You can start by running php ${OCS_TO_OJS_PATH}/import.php, it will display a short usage description. Below is a complete reference for the required and optional arguments:

  • -i ${DATA_PATH}: The path where the export script left the OCS data.
  • -o ${OJS_PATH}: The path to the OJS installation.
  • -u IMPORT_USERNAME: The username of an OJS user which will be defined as the creator/owner of the imported papers/articles.
  • -a ADMIN_USERNAME: The username of an OJS user which will be used while creating (if needed, see the -f argument below) the journals.
  • -p PHP_EXECUTABLE_PATH (optional): Path to the PHP executable (in case you have multiple PHP executables on your server), it will be used to run the ${OJS_PATH}/tools/importExport.php on OJS.
  • -f LEVEL (optional): The script will do several checks before doing the import, the levels below will provide an interactive way to progress and decide how to solve each problem. The argument accepts values from 0 until 4, where:
    • <= 0: No effect.
    • \>= 1: The script will ignore if your OJS version doesn't match the one you've specified at the export.
    • \>= 2: The script will ignore if your OJS installation is missing required locales.
    • \>= 3: The script will create missing journals.
    • \>= 4: The script will create missing issues.
    • \>= 5: The script will create missing sections.
    • \>= 6: The script will not check if the OJS setting [debug].display_errors is enabled.
  • -e SHELL_COMMAND_OUTPUT_FILE (optional): If a path is specified to this command, it will output the shell commands needed to import the papers to the given path, instead of importing them right away (the transformed/ready paper files will be left in place, in order to the commands work). This is probably only useful if your PHP installation has blocked access to the shell_exec() function.

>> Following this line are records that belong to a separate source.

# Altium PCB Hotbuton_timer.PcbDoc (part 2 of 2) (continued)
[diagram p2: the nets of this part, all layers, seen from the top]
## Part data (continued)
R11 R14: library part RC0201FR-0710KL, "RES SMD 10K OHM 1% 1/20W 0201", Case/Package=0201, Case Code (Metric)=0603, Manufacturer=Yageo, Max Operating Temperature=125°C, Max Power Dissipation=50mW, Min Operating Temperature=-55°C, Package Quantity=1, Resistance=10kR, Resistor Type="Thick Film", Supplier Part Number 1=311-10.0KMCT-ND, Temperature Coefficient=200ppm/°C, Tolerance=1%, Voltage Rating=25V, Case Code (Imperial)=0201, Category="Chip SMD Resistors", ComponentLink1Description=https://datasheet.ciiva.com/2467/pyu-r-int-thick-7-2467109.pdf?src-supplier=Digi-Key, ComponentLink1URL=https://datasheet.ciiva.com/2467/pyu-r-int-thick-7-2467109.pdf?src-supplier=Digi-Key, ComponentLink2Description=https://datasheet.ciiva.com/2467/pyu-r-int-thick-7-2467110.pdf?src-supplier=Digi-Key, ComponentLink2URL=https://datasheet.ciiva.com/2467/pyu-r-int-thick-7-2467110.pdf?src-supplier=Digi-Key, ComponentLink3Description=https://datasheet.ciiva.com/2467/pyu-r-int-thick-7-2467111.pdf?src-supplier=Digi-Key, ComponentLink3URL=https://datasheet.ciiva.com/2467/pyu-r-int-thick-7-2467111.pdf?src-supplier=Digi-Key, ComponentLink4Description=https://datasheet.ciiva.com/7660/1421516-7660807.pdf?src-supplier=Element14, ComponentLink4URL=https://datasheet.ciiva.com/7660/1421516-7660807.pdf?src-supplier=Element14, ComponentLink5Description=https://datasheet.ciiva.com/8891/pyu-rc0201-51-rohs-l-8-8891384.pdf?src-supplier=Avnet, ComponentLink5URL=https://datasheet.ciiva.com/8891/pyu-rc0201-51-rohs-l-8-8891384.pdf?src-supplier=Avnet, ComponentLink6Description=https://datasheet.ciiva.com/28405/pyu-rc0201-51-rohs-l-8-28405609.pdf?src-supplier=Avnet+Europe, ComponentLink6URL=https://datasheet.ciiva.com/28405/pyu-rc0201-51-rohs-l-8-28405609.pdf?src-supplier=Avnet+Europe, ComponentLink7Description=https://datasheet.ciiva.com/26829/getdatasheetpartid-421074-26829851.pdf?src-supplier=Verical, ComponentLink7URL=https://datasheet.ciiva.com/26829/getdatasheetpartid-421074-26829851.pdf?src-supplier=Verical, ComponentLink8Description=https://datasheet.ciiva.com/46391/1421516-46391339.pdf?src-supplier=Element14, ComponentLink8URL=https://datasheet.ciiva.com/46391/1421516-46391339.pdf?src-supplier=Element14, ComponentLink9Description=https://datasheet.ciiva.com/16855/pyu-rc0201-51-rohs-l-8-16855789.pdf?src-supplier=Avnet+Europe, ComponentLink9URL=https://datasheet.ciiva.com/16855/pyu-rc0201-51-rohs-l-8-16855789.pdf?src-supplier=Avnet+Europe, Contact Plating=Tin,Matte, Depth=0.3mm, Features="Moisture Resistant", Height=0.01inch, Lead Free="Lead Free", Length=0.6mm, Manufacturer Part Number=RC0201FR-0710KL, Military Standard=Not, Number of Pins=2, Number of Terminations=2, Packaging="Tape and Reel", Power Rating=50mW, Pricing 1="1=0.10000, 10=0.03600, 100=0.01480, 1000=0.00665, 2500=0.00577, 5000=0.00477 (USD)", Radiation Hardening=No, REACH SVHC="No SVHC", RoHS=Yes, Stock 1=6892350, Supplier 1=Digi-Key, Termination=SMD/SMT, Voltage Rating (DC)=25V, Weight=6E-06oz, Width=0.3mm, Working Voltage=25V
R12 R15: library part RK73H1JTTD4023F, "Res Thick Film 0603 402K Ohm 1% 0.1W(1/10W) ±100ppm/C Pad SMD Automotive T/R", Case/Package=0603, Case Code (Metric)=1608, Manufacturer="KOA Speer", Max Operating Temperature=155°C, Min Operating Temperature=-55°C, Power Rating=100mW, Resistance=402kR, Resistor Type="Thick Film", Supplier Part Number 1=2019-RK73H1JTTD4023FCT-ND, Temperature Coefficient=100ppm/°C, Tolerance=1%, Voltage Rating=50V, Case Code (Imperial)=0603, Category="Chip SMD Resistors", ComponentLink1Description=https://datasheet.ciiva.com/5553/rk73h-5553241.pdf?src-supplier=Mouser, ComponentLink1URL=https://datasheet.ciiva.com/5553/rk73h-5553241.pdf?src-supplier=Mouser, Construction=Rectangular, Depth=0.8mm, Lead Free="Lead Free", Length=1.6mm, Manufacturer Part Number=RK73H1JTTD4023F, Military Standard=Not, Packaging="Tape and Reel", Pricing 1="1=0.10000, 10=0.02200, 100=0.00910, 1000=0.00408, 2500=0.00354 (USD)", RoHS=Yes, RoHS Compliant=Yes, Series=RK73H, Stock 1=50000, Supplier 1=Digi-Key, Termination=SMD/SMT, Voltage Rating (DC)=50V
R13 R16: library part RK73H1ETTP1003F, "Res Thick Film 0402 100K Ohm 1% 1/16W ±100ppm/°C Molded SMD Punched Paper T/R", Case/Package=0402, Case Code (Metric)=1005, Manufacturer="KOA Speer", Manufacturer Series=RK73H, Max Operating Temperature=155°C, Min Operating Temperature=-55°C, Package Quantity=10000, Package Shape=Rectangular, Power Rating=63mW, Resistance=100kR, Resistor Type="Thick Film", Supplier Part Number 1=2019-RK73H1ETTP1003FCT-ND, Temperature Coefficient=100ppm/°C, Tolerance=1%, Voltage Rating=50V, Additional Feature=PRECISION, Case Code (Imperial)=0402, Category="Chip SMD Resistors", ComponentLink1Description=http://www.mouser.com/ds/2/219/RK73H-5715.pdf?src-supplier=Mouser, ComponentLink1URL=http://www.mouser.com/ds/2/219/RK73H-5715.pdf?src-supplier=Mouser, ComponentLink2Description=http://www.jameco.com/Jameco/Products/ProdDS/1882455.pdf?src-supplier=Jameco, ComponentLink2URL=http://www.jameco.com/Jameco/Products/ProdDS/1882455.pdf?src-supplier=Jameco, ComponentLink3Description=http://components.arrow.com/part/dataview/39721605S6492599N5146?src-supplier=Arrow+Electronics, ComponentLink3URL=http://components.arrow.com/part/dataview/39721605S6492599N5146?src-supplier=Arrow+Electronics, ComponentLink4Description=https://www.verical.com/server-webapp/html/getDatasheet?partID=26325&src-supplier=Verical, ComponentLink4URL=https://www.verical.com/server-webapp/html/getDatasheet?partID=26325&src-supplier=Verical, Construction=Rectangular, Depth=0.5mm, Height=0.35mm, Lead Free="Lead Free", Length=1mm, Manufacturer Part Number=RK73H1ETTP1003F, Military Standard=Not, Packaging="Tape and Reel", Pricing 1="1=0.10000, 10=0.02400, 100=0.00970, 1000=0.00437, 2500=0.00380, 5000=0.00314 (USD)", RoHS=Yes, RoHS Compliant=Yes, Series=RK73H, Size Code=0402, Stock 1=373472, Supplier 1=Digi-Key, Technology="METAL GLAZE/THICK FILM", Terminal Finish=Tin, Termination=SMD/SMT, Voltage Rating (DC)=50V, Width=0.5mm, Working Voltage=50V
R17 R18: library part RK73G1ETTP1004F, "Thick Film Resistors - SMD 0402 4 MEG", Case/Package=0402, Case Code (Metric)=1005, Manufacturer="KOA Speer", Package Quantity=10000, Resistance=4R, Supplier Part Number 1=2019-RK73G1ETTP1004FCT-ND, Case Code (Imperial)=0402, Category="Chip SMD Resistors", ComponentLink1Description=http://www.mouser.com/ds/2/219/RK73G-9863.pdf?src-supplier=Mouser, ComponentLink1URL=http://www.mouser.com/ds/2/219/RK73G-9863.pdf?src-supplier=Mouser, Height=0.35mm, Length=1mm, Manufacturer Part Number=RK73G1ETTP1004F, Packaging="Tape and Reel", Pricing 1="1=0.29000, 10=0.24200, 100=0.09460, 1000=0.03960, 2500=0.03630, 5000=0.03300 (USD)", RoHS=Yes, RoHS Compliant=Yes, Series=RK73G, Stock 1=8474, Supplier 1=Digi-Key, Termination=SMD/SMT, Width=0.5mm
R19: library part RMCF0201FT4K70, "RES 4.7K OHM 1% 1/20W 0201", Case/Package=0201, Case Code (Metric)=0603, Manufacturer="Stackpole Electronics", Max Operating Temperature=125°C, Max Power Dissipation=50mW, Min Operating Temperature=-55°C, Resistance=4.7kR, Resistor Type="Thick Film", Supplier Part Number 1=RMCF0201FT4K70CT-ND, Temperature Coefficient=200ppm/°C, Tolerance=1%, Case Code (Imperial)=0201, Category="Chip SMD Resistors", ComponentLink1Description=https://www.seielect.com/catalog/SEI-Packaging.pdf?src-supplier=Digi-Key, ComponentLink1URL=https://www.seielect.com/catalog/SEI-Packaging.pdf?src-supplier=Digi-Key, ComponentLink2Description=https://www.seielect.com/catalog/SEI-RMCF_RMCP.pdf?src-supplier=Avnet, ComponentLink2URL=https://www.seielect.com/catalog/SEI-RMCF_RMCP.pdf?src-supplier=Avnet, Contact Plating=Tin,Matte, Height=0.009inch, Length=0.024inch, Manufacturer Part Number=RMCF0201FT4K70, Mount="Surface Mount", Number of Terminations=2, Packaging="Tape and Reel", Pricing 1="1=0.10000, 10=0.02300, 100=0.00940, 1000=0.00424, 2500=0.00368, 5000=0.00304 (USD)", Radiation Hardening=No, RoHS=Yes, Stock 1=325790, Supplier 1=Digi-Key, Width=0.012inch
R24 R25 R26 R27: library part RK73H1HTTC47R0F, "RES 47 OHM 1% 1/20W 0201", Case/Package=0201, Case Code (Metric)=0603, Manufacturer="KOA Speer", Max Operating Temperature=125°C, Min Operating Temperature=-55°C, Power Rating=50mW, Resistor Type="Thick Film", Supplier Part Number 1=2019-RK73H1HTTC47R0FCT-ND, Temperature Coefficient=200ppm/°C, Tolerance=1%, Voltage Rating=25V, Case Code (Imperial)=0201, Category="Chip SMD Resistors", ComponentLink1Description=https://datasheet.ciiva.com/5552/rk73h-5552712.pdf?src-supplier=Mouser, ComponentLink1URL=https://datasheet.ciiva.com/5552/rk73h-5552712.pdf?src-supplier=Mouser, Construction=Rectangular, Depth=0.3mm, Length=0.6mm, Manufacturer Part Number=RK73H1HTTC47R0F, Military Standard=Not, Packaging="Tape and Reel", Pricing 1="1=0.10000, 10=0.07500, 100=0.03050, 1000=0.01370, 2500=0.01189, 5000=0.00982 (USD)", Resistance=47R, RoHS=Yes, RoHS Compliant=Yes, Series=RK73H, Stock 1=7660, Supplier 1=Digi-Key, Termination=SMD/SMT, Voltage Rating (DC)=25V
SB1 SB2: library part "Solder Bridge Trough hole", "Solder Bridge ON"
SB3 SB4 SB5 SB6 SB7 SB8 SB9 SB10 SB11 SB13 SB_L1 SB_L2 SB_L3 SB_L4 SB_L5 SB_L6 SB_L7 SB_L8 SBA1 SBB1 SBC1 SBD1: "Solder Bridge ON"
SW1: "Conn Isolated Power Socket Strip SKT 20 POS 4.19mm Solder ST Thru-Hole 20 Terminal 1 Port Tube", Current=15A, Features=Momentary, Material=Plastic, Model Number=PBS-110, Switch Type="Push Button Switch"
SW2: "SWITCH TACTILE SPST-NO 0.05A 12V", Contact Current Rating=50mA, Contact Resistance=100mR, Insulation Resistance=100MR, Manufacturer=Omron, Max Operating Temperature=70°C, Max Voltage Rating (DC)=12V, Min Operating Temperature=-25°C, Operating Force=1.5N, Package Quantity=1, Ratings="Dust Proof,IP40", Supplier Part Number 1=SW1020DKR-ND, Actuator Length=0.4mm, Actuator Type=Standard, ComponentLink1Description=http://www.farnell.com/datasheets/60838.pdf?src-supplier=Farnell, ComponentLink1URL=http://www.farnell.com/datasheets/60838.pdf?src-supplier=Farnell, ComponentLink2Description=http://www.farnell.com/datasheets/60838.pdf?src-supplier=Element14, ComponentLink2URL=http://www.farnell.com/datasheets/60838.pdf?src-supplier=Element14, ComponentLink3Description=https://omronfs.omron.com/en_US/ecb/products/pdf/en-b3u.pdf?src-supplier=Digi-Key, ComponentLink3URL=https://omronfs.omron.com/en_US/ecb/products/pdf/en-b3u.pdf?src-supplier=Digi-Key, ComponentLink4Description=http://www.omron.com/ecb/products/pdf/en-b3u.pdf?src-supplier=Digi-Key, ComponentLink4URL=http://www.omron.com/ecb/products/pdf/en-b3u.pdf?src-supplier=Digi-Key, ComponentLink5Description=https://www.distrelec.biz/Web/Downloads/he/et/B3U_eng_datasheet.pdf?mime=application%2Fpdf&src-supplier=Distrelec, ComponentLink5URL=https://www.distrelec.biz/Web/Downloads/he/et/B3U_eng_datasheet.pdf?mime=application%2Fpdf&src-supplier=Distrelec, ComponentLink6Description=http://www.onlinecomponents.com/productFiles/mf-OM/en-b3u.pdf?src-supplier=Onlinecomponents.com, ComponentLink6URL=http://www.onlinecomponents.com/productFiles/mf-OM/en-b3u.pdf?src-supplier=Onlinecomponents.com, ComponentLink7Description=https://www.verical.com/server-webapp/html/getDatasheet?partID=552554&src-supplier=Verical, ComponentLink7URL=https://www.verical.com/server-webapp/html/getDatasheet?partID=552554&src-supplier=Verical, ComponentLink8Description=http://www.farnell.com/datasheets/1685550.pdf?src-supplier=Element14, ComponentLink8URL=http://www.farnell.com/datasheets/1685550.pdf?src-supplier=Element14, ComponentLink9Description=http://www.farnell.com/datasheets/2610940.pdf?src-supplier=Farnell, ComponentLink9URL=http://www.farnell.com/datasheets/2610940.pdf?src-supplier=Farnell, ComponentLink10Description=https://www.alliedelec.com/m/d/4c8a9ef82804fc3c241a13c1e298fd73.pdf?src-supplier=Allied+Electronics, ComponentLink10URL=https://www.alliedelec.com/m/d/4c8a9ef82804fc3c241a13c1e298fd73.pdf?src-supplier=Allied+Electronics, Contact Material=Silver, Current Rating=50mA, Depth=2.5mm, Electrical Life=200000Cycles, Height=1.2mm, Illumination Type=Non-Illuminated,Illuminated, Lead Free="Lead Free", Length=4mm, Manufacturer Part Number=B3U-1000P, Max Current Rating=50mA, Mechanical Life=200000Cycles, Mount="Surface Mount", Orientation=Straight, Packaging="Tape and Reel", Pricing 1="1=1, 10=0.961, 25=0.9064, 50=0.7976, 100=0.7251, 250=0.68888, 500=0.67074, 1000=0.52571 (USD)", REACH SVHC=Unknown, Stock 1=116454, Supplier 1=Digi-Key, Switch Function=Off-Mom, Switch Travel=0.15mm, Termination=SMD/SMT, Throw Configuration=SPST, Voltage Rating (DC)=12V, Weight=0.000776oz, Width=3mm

Still about the -f LEVEL, when creating journals/issues/sections, the script will use the metadata from ${DATA_PATH}/metadata.json to populate the structures. You're free to review/update anything on this file, as long as you keep the IDs intact. There are basically three options to solve conflicts:

  • Increase the "force level": Will create the missing data for you.
  • Remove the data from the ${DATA_PATH}/metadata.json: You can go and remove a whole track/scheduled conference/conference section and proceed, the side-effect is that all linked/related papers won't be imported as well.
  • Re-map the data to an existing resource. For example, if you know the conference with urlPath "abc" refers to the journal "xyz", you can go and update the urlPath to "xyz", then the papers will be imported into this journal.
    • The journal <=> conference mapping is based on the journals[i].urlPath
    • The issue <=> schedule conference mapping is based on the journals[i].issues[j].volume, journals[i].issues[j].number and journals[i].issues[j].year
    • The section <=> track is based on the journals[i].sections[j].title

The papers which were imported successfully will be moved to the folder ${DATA_PATH}/processed-papers.

Setup all arguments and execute the ${OCS_TO_OJS_PATH}/import.php script, at the end you should see the message Import finished with success.

Check if there are not errors/warnings at the script output, perhaps some manual fixes will be needed.

Now you can delete the ${DATA_PATH} and revert the [debug].display_errors back to Off.

Before you move the updates to production, ensure there are no encoding issues, error messages, whether the current active issue is properly set, etc. All papers should be processed properly, failures at the Native Import Export Plugin might cause problems which are difficult to debug, this way, if N papers failed, it's better to restart the process from a fresh backup and remove the offending papers from the papers folder in order to skip them.